Toutefois, la directive européenne 2014/24/UE concernant les marchés publics et la directive européenne 2014/23/UE concernant les contrats de concession du 26 février 2014 avaient ouvert une brèche concernant la notion de quasi-régie (terme désormais utilisé pour désigner les entités pouvant bénéficier de l’exception « in house »).

En effet, l’article L. 2511-1 du Code de la commande publique, qui transpose en droit interne les directives européennes, envisage désormais une exception. Cet article relatif à la quasi-régie prévoit que la personne morale contrôlée peut comporter la participation directe de capitaux privés dans l’hypothèse où ces capitaux privés ne disposent d’aucune capacité de contrôle ou de blocage requise par la loi, et qu’ils ne permettent pas d’exercer une influence décisive sur la personne morale contrôlée.

A la lecture de ce texte, la doctrine s’était naturellement interrogée sur le fait de savoir si les SEM peuvent désormais se trouver dans une situation de quasi-régie vis-à-vis des personnes publiques qui en sont actionnaires (voir, notamment, « Transposition de la directive « marchés publics » du 26 février 2014 : du nouveau pour les SEM ? », S. BRACONNIER, K. HOLTERBACH, N. ARMBRUSTER, Contrats et Marchés publics, n°7, Juillet 2015, 7).

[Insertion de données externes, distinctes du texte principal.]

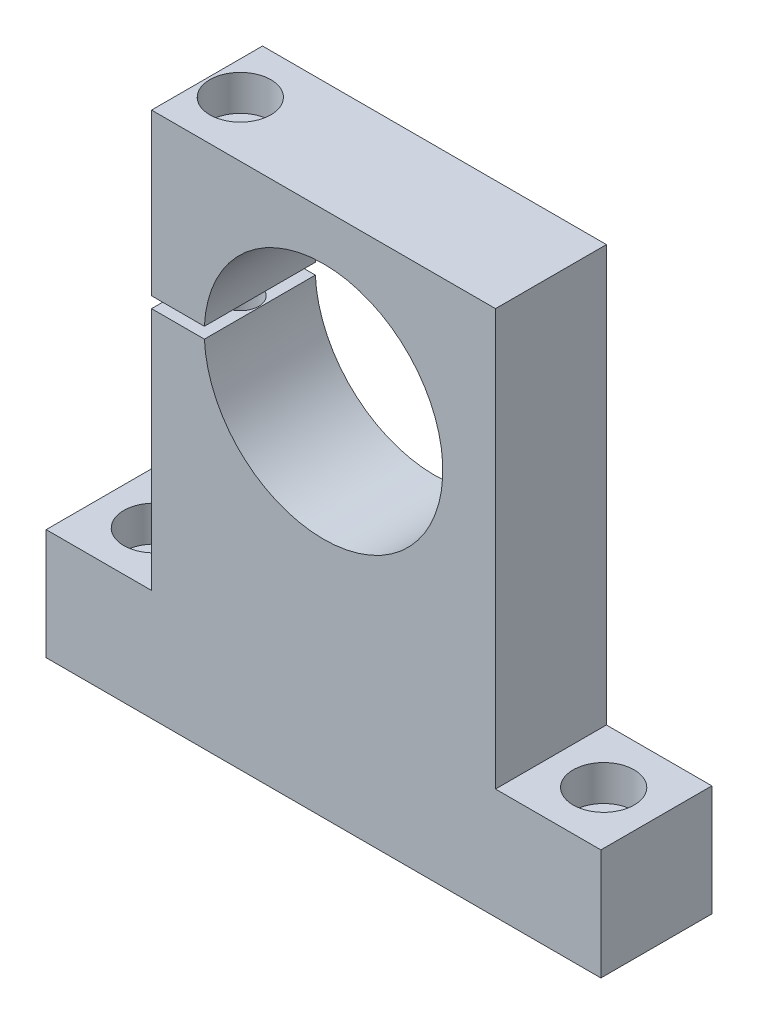
SolidWorks part; units mm, degrees
ref_plane "Piano frontale" through (0, 0, 0) normal (0, 0, 1) x (1, 0, 0)
ref_plane "Piano superiore" through (0, 0, 0) normal (0, 1, 0) x (1, 0, 0)
ref_plane "Piano destro" through (0, 0, 0) normal (1, 0, 0) x (0, 0, -1)
sketch "Schizzo1" plane through (0, 0, 0) normal (0, 0, 1) x (1, 0, 0)
  line L0 (0, 0) -> (100, 0)
  line L1 (0, 0) -> (0, 20)
  line L2 (0, 20) -> (19, 20)
  line L3 (19, 20) -> (19, 95)
  line L4 (19, 95) -> (81, 95)
  line L5 (50, 0) -> (50, 95) construction
  line L6 (100, 20) -> (81, 20)
  line L7 (100, 0) -> (100, 20)
  line L8 (81, 20) -> (81, 95)
  circle A0 centre (50, 65) radius 21.5
  dimension "D4" = 43
  dimension "D1" = 50
  dimension "D2" = 20
  dimension "D3" = 75
  dimension "D5" = 30
  dimension "D6" = 19
extrude "Estrusione-Estrusione1" add sketch "Schizzo1" along normal blind 20
sketch "Schizzo2" plane through (0, 20, 0) normal (0, 1, 0) x (1, 0, 0)
  line L0 (0, -10) -> (100, -10) construction
  line L1 (0, -20) -> (0, 0) construction
  line L2 (100, -20) -> (100, 0) construction
  line L3 (9.5, 0) -> (9.5, -20) construction
  line L4 (19, 0) -> (0, 0) construction
  line L5 (19, -20) -> (0, -20) construction
  line L6 (50, 0) -> (50, -20) construction
  line L7 (81, 0) -> (19, 0) construction
  line L8 (81, -20) -> (19, -20) construction
  point P12 (9.5, -10)
  point P19 (90.5, -10)
hole_wizard "Foro lamato per Vite M6 a testa cilindrica-1" positions "Schizzo3D2" profile "Schizzo4" counterbore size "M6" standard "ISO" end condition through all
sketch3d "Schizzo3D2"
  point P0 (9.5, 20, 10)
  point P3 (90.5, 20, 10)
sketch "Schizzo4" plane through (9.5, 20, 10) normal (1, 0, 0) x (0, 0, 1)
  line L0 (0, 0) -> (0, 20)
  line L1 (0, 20) -> (3.3, 20)
  line L3 (3.3, 20) -> (3.3, 6.4)
  line L4 (3.3, 6.4) -> (5.5, 6.4)
  line L5 (5.5, 6.4) -> (5.5, 0)
  line L7 (5.5, 0) -> (0, 0)
  line L11 (0, -6.35) -> (0, 107.95) construction
  dimension "Thru Hole Dia." = 6.6
  dimension "Thru Hole Depth" = 20
  dimension "C'Bore Dia." = 11
  dimension "C'Bore Depth" = 6.4
sketch "Schizzo5" plane through (0, 95, 0) normal (0, 1, 0) x (1, 0, 0)
  line L0 (19, -10) -> (80.6806, -10) construction
  line L1 (19, -20) -> (19, 0) construction
  line L2 (0, -10) -> (100, -10) construction
  line L3 (19, -20) -> (19, 0) construction
  point P6 (25, -10)
  dimension "D1" = 6
hole_wizard "Foro lamato per Vite M6 a testa cilindrica-2" positions "Schizzo3D3" profile "Schizzo6" counterbore size "M6" standard "ISO" end condition through all
sketch3d "Schizzo3D3"
  point P0 (25, 95, 10)
sketch "Schizzo6" plane through (25, 95, 10) normal (1, 0, 0) x (0, 0, 1)
  line L0 (0, 0) -> (0, 95)
  line L1 (0, 95) -> (3.3, 95)
  line L3 (3.3, 95) -> (3.3, 6.4)
  line L4 (3.3, 6.4) -> (5.5, 6.4)
  line L5 (5.5, 6.4) -> (5.5, 0)
  line L7 (5.5, 0) -> (0, 0)
  line L11 (0, -6.35) -> (0, 107.95) construction
  dimension "Thru Hole Dia." = 6.6
  dimension "Thru Hole Depth" = 95
  dimension "C'Bore Dia." = 11
  dimension "C'Bore Depth" = 6.4
sketch "Schizzo7" plane through (0, 0, 0) normal (0, 0, -1) x (-1, 0, 0)
  line L0 (-50, 65) -> (-5.4537, 65) construction
  line L2 (-15.9047, 64) -> (-31.4261, 64)
  line L3 (-15.9047, 64) -> (-15.9047, 66)
  line L4 (-15.9047, 66) -> (-31.4261, 66)
  line L5 (-31.4261, 64) -> (-31.4261, 66)
  line L6 (-15.9047, 64) -> (-31.4261, 66) construction
  line L7 (-15.9047, 66) -> (-31.4261, 64) construction
  point P3 (-23.6654, 65)
  dimension "D1" = 2
extrude "Taglio-Estrusione1" cut sketch "Schizzo7" against normal through all

Dans le cadre d’une réponse ministérielle (Question écrite avec réponse n°20276, 11 juin 2019, JO AN), le Ministre de la Cohésion des territoires et des relations avec les collectivités territoriales interrogé récemment sur ce point a répondu par la négative à cette question :

« Enfin, la personne morale contrôlée ne comporte en principe pas de participation directe de capitaux privés. Le code précité n’admet de dérogation à cette règle qu’à trois conditions cumulatives : tout d’abord, les capitaux privés ne doivent conférer aucune capacité de contrôle ou de blocage des décisions de l’entité ; ensuite, l’actionnaire privé ne peut exercer une influence sur l’entité contrôlée ; enfin, l’intervention de capitaux privés est requise par une législation nationale. Or, l’interprétation de ce dernier critère doit se faire à la lumière du considérant n° 46 de la directive 2014/24/UE et du considérant 32 de la directive 2014/23/UE qui réservent cette hypothèse aux organismes publics à adhésion obligatoire comportant la participation d’opérateurs économiques privés spécifiques. La seule circonstance qu’une participation privée serait rendue nécessaire par les articles L. 1521-1 et L. 1522-2 du code général des collectivités territoriales (CGCT) n’est pas suffisante dès lors que le recours à une société d’économie mixte locale (SEML) n’est pas une obligation. En effet, en application de l’article L. 1111-1 du CGCT, les collectivités locales et leurs groupements sont libres d’exercer leurs compétences comme elles l’entendent. Par ailleurs, ce considérant indique que l’exception de quasi-régie n’est établie qu’en cas de participation d’une personne privée spécifique au capital de l’entité, c’est-à-dire expressément identifiée par la loi, ce qui n’est pas le cas des SEML puisque n’importe quel opérateur peut en devenir actionnaire. Les SEML ne répondent donc pas à la qualification d’organismes à adhésion obligatoire d’opérateurs économiques privés spécifiques. La décision de ne pas les inclure ne relève pas d’un oubli, mais de la mise en œuvre de la législation européenne. »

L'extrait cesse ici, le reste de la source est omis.